What the task asks:
Your task is to quote the records from their first line through the line containing "line L7 (-23, 75) -> (33, 75)", with nothing added or left out.

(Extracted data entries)
↓

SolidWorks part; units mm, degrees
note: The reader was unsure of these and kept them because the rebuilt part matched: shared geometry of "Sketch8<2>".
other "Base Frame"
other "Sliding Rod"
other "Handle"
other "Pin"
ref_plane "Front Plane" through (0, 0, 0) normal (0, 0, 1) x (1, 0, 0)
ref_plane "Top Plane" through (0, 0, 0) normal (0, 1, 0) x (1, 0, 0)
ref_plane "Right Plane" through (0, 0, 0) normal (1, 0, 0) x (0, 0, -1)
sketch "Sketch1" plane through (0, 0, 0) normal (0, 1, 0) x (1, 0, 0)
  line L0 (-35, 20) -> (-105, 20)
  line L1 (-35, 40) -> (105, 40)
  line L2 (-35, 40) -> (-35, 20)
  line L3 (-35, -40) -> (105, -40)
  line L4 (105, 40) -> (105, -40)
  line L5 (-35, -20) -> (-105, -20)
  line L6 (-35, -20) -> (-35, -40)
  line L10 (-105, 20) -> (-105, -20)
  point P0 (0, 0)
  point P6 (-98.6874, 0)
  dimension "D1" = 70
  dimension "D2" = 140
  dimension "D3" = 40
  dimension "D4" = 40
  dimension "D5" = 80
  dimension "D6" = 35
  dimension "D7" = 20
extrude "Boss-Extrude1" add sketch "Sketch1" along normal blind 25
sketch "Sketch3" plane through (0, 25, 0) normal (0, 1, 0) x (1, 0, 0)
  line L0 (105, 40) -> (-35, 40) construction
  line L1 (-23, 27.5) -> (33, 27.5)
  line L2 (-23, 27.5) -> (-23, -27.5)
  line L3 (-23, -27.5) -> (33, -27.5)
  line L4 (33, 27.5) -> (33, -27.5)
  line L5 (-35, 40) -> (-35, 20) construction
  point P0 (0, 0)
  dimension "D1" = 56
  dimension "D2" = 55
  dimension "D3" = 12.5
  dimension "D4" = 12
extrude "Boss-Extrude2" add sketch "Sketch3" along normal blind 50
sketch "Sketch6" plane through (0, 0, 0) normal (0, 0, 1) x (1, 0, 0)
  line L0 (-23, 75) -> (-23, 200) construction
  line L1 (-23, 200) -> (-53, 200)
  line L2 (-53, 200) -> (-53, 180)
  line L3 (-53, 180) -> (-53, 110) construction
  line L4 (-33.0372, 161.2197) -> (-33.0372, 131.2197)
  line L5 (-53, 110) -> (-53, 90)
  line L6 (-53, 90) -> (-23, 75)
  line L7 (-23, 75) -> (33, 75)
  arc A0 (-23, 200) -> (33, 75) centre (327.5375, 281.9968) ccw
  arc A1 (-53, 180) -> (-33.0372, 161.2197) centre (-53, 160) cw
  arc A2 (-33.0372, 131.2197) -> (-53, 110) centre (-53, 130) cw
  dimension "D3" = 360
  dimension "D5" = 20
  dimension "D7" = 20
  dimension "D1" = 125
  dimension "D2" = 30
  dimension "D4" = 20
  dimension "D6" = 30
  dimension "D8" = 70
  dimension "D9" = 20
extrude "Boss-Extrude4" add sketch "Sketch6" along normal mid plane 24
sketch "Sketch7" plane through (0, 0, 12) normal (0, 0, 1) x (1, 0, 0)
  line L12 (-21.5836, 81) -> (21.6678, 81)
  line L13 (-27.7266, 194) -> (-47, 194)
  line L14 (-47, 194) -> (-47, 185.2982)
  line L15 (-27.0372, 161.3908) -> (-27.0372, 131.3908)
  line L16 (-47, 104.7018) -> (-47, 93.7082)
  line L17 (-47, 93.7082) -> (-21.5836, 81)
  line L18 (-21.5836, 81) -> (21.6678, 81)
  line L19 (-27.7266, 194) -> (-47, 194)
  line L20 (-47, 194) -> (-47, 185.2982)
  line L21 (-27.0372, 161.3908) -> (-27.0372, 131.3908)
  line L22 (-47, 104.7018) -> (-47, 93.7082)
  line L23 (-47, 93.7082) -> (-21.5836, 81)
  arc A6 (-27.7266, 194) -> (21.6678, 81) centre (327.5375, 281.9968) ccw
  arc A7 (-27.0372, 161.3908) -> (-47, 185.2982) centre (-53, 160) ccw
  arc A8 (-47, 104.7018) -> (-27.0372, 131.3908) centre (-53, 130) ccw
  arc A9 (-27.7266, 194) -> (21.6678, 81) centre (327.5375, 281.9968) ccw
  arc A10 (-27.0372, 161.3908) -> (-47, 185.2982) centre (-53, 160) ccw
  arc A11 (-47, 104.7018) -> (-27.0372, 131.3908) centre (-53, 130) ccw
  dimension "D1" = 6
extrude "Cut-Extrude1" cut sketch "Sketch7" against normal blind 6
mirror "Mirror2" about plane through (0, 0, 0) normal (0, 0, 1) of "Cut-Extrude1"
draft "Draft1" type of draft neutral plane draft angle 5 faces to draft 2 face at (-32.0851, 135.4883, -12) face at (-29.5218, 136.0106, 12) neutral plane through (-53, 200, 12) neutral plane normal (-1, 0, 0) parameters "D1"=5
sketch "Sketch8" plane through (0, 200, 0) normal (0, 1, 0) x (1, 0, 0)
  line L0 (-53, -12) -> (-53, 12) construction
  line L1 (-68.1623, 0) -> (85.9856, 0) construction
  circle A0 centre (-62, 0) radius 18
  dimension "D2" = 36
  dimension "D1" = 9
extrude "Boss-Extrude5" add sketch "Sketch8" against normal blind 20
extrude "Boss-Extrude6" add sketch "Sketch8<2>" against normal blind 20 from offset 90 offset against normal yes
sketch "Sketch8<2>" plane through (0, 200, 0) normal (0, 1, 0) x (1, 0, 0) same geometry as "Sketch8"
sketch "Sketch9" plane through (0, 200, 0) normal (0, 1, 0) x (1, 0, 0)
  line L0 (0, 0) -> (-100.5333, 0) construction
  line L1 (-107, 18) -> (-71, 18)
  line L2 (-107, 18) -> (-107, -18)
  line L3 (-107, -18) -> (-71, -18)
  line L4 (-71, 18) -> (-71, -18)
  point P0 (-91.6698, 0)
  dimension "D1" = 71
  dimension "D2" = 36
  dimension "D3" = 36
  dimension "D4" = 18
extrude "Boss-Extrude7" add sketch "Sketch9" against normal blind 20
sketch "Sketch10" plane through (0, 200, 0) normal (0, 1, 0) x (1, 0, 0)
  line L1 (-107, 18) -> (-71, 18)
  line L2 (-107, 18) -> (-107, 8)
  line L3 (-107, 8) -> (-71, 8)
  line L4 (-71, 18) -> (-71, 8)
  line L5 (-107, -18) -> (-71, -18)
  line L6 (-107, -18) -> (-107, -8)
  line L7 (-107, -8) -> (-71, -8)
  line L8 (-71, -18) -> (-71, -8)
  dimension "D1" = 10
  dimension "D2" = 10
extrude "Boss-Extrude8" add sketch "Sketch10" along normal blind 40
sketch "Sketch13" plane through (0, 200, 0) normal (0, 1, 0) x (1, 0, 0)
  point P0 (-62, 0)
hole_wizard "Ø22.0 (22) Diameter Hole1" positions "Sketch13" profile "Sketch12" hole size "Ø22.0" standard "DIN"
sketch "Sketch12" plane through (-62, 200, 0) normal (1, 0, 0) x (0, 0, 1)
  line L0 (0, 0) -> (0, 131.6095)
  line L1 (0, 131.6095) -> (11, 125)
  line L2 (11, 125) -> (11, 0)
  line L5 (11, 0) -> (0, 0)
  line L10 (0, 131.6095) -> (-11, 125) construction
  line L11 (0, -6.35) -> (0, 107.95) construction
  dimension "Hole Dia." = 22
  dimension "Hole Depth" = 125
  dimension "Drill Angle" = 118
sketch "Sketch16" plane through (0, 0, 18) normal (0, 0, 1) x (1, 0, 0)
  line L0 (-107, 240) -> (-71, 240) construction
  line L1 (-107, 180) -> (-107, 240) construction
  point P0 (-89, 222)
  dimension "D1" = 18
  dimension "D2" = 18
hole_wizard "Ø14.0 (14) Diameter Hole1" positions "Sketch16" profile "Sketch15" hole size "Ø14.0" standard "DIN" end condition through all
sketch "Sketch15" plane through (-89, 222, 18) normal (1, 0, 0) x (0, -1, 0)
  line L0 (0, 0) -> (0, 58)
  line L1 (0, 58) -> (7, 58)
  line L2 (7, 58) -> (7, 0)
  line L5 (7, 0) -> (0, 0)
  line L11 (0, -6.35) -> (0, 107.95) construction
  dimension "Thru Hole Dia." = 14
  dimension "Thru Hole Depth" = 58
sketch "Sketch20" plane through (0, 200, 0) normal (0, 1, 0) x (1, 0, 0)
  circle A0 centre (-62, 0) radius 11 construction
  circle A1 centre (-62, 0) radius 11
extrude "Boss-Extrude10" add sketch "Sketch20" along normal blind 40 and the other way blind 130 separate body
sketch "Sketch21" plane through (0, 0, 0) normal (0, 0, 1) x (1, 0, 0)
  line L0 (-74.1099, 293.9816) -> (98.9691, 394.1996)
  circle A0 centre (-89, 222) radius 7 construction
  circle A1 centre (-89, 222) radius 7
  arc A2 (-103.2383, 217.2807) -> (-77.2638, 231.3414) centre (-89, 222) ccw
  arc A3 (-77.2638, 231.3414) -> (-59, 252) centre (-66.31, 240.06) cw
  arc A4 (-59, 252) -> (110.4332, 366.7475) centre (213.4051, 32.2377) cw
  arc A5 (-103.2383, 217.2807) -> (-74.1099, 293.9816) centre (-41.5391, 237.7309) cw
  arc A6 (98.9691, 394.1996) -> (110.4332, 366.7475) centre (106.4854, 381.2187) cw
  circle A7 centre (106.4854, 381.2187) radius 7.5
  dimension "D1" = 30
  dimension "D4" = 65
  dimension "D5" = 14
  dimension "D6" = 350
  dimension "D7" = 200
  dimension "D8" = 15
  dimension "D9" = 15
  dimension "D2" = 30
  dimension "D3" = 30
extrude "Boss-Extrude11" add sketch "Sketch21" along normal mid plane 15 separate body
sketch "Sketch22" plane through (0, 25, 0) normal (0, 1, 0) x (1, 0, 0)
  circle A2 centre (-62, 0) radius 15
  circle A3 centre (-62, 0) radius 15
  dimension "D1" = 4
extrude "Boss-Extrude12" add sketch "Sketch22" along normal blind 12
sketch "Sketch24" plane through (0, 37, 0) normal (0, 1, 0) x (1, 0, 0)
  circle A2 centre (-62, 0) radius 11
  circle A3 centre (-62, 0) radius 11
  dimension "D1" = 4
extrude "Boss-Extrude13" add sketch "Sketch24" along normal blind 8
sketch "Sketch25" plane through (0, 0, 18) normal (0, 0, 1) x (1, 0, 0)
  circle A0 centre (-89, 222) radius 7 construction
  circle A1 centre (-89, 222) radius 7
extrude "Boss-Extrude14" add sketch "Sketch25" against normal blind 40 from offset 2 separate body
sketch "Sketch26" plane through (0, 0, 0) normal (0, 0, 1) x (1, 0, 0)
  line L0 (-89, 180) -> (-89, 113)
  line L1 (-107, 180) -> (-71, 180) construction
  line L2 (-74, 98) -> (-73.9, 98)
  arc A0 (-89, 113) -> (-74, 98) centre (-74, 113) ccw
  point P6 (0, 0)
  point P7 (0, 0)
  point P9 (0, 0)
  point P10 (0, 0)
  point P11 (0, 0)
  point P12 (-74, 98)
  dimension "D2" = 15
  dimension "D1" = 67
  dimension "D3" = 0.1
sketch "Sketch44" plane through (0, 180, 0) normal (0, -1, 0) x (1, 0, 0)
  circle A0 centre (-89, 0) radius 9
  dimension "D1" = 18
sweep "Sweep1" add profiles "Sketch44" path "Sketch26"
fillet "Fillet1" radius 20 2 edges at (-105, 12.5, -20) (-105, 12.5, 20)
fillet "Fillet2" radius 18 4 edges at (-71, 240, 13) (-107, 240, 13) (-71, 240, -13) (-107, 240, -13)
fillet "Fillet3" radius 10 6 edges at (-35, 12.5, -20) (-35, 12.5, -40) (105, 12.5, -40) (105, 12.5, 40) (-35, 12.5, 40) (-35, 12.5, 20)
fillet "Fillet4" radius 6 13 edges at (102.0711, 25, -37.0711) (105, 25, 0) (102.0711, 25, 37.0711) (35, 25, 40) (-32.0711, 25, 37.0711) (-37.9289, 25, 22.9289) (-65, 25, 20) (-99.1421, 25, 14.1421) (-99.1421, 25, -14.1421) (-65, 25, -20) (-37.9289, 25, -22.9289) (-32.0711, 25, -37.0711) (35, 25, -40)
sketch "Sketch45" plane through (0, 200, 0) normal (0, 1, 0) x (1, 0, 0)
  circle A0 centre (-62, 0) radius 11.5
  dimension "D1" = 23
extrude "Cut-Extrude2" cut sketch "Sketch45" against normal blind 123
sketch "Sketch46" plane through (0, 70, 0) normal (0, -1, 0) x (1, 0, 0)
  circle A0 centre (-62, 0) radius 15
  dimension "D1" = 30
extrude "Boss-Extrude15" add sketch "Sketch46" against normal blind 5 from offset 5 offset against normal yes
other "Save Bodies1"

↑

Answer below:
SolidWorks part; units mm, degrees
note: The reader was unsure of these and kept them because the rebuilt part matched: shared geometry of "Sketch8<2>".
other "Base Frame"
other "Sliding Rod"
other "Handle"
other "Pin"
ref_plane "Front Plane" through (0, 0, 0) normal (0, 0, 1) x (1, 0, 0)
ref_plane "Top Plane" through (0, 0, 0) normal (0, 1, 0) x (1, 0, 0)
ref_plane "Right Plane" through (0, 0, 0) normal (1, 0, 0) x (0, 0, -1)
sketch "Sketch1" plane through (0, 0, 0) normal (0, 1, 0) x (1, 0, 0)
  line L0 (-35, 20) -> (-105, 20)
  line L1 (-35, 40) -> (105, 40)
  line L2 (-35, 40) -> (-35, 20)
  line L3 (-35, -40) -> (105, -40)
  line L4 (105, 40) -> (105, -40)
  line L5 (-35, -20) -> (-105, -20)
  line L6 (-35, -20) -> (-35, -40)
  line L10 (-105, 20) -> (-105, -20)
  point P0 (0, 0)
  point P6 (-98.6874, 0)
  dimension "D1" = 70
  dimension "D2" = 140
  dimension "D3" = 40
  dimension "D4" = 40
  dimension "D5" = 80
  dimension "D6" = 35
  dimension "D7" = 20
extrude "Boss-Extrude1" add sketch "Sketch1" along normal blind 25
sketch "Sketch3" plane through (0, 25, 0) normal (0, 1, 0) x (1, 0, 0)
  line L0 (105, 40) -> (-35, 40) construction
  line L1 (-23, 27.5) -> (33, 27.5)
  line L2 (-23, 27.5) -> (-23, -27.5)
  line L3 (-23, -27.5) -> (33, -27.5)
  line L4 (33, 27.5) -> (33, -27.5)
  line L5 (-35, 40) -> (-35, 20) construction
  point P0 (0, 0)
  dimension "D1" = 56
  dimension "D2" = 55
  dimension "D3" = 12.5
  dimension "D4" = 12
extrude "Boss-Extrude2" add sketch "Sketch3" along normal blind 50
sketch "Sketch6" plane through (0, 0, 0) normal (0, 0, 1) x (1, 0, 0)
  line L0 (-23, 75) -> (-23, 200) construction
  line L1 (-23, 200) -> (-53, 200)
  line L2 (-53, 200) -> (-53, 180)
  line L3 (-53, 180) -> (-53, 110) construction
  line L4 (-33.0372, 161.2197) -> (-33.0372, 131.2197)
  line L5 (-53, 110) -> (-53, 90)
  line L6 (-53, 90) -> (-23, 75)
  line L7 (-23, 75) -> (33, 75)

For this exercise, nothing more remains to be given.